Let's Go Back to the Bible

Paul Was Not Ashamed to Say, “I Am Ready!”

Three times in the New Testament we have recorded that the apostle Paul said, “I am ready.”  Let’s take a moment to look at each of these (in their chronological order) and the lessons we can learn from them.

Near the end of his second Corinthian letter, Paul told these brethren, “Now for the third time I am ready to come to you” (2 Cor. 12:14).  Paul had been in Corinth for 18 months to establish the church in Acts 18 and had apparently made another quick trip (not recorded in Acts) after writing First Corinthians (a trip that was sorrowful and unfruitful, 2 Cor. 2:1).  He was now ready to go back a third time to “encourage them” (Acts 20:2) and punish them if necessary (2 Cor. 13:1-6).  But, why bother?  If they had become so divisive and even resistant to the point of needing to be disciplined, why not just let them go and bid them good riddance?  The answer: Because Paul wanted them to be saved!  He wrote to his struggling brethren, “If we are afflicted, it is for your…salvation… Behold, now is the day of salvation…For godly sorrow produces repentance leading to salvation” (2 Cor. 1:6; 6:2; 7:10).  I am ready to do whatever is necessary for brethren to be saved!

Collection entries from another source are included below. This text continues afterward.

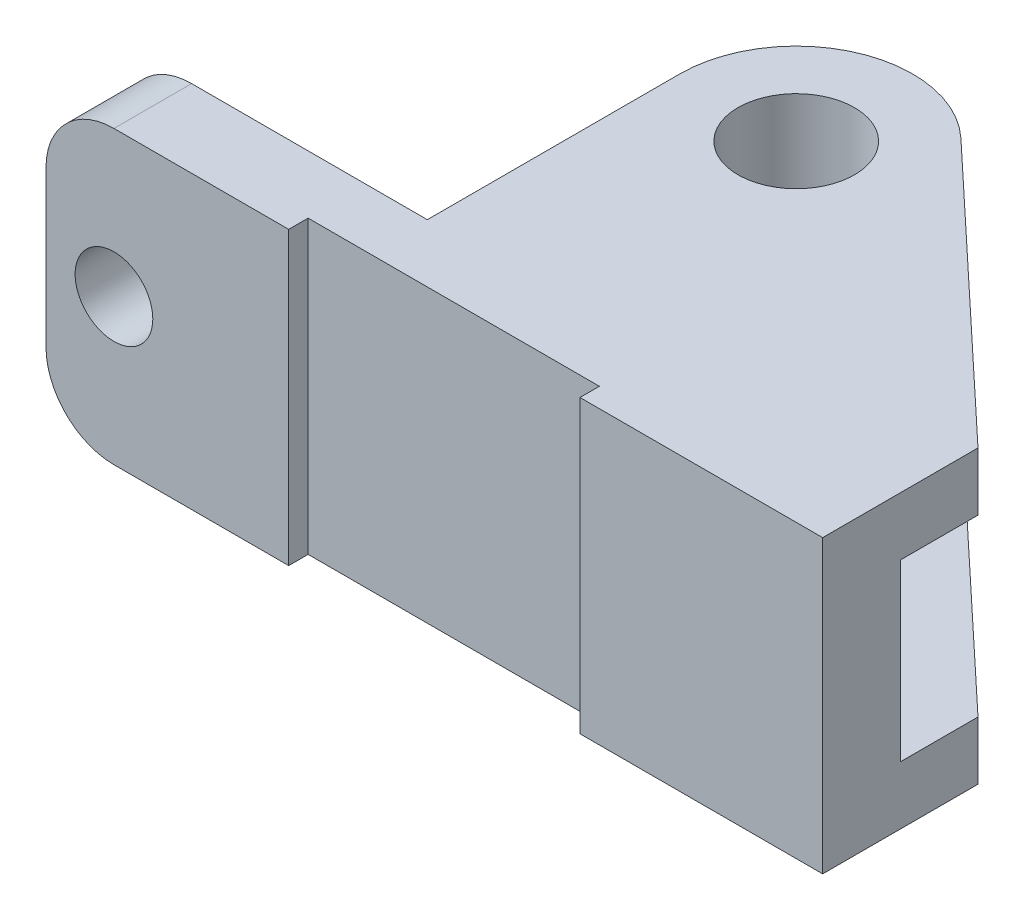
from build123d import *

# Parameters (mm, degrees)
BOSS_EXTRUDE1_DEPTH = 8
SKETCH2_R           = 4
CUT_EXTRUDE1_DEPTH  = 44.462627624
BOSS_EXTRUDE2_DEPTH = 6
SKETCH5_R           = 12
BOSS_EXTRUDE3_DEPTH = 30
SKETCH8_R           = 6
CUT_EXTRUDE2_DEPTH  = 63.801273872
SKETCH9_W           = 30
SKETCH9_H           = 2
CUT_EXTRUDE3_DEPTH  = 63.801273872


with BuildPart() as part:
    # Sketch1 → Boss-Extrude1 (new body)
    with BuildSketch(Plane.XY):
        with BuildLine():
            Line((-33, -15), (40, -15))
            Line((40, -15), (40, 15))
            Line((40, 15), (-33, 15))
            ThreePointArc((-33, 15), (-37.949747468, 12.949747468), (-40, 8))
            Line((-40, 8), (-40, -8))
            ThreePointArc((-40, -8), (-37.949747468, -12.949747468), (-33, -15))
        make_face()
    extrude(amount=BOSS_EXTRUDE1_DEPTH)

    # Sketch2 → Cut-Extrude1 (cut, through all)
    with BuildSketch(Plane.XY.offset(8)):
        with Locations((-33, 0)):
            Circle(SKETCH2_R)
    extrude(amount=-CUT_EXTRUDE1_DEPTH, mode=Mode.SUBTRACT)

    # Sketch3 → Boss-Extrude2 (add)
    with BuildSketch(Plane(origin=(0, 15, 0), x_dir=(1, 0, 0), z_dir=(0, 1, 0))):
        Polygon((-8.722846682, 0), (40, 0), (40, 8), (20.815154113, 26), (-8.722846682, 26), align=None)
        Polygon((-8.722846682, 26), (20.815154113, 26), (11.487895334, 34.751212233), align=None)
    boss_extrude2 = extrude(amount=-BOSS_EXTRUDE2_DEPTH)

    # Mirror1: Boss-Extrude2 across plane
    add(boss_extrude2.mirror(Plane.ZX))

    # Sketch5 → Boss-Extrude3 (add, through all)
    with BuildSketch(Plane(origin=(0, 15, 0), x_dir=(1, 0, 0), z_dir=(0, 1, 0))):
        with Locations(Location((3.277153318, 26, 0), (0, 0, 180))):
            Circle(SKETCH5_R)
    extrude(amount=-BOSS_EXTRUDE3_DEPTH)

    # Sketch8 → Cut-Extrude2 (cut, through all)
    with BuildSketch(Plane(origin=(0, 15, 0), x_dir=(1, 0, 0), z_dir=(0, 1, 0))):
        with Locations(Location((3.277153318, 26, 0), (0, 0, 180))):
            Circle(SKETCH8_R)
    extrude(amount=-CUT_EXTRUDE2_DEPTH, mode=Mode.SUBTRACT)

    # Sketch9 → Cut-Extrude3 (cut, through all)
    with BuildSketch(Plane(origin=(0, 15, 0), x_dir=(1, 0, 0), z_dir=(0, 1, 0))):
        with Locations((0, -7)):
            Rectangle(SKETCH9_W, SKETCH9_H)
    extrude(amount=-CUT_EXTRUDE3_DEPTH, mode=Mode.SUBTRACT)


solid = part.part

Not many weeks after writing that letter to the Christians in Corinth, Paul penned these words to the brethren in Rome, “So, as much as is in me, I am ready to preach the gospel to you who are in Rome also” (Rom. 1:15).  Shortly after writing Second Corinthians, Paul spent three months in Corinth to strengthen the brethren (Acts 20:3).  While he was helping those brethren, he was thinking about other places needing the gospel, and so he wrote the book of Romans.  Paul is on his third missionary journey; all he had been doing is preaching, preaching, preaching.  And, what is on his mind?  Preaching even more!  But, why?  What did Paul know?  He knew that “the gospel of Christ…is the power of God to salvation” (1:16).  I am ready to preach the gospel any place and every place so people can be saved!

Finally, as Paul was hurrying at the end of his third journey to get to Jerusalem by Pentecost (Acts 20:16), the prophet Agabus prophesied that Paul would be arrested if he went to Jerusalem and the brethren “pleaded with him not to go” (21:10-12).  But Paul would hear nothing of placing concern for himself above the will of the Lord!  He declared, “I am ready not only to be bound, but also to die at Jerusalem for the name of the Lord Jesus” (21:13).  The message of Christ, the salvation of souls and “the will of the Lord” (21:14) were more essential to Paul than even his own life.  I am ready to sacrifice my own life for the sake of the gospel of Christ and the salvation of souls!

Can you make these affirmations?  Are you ready?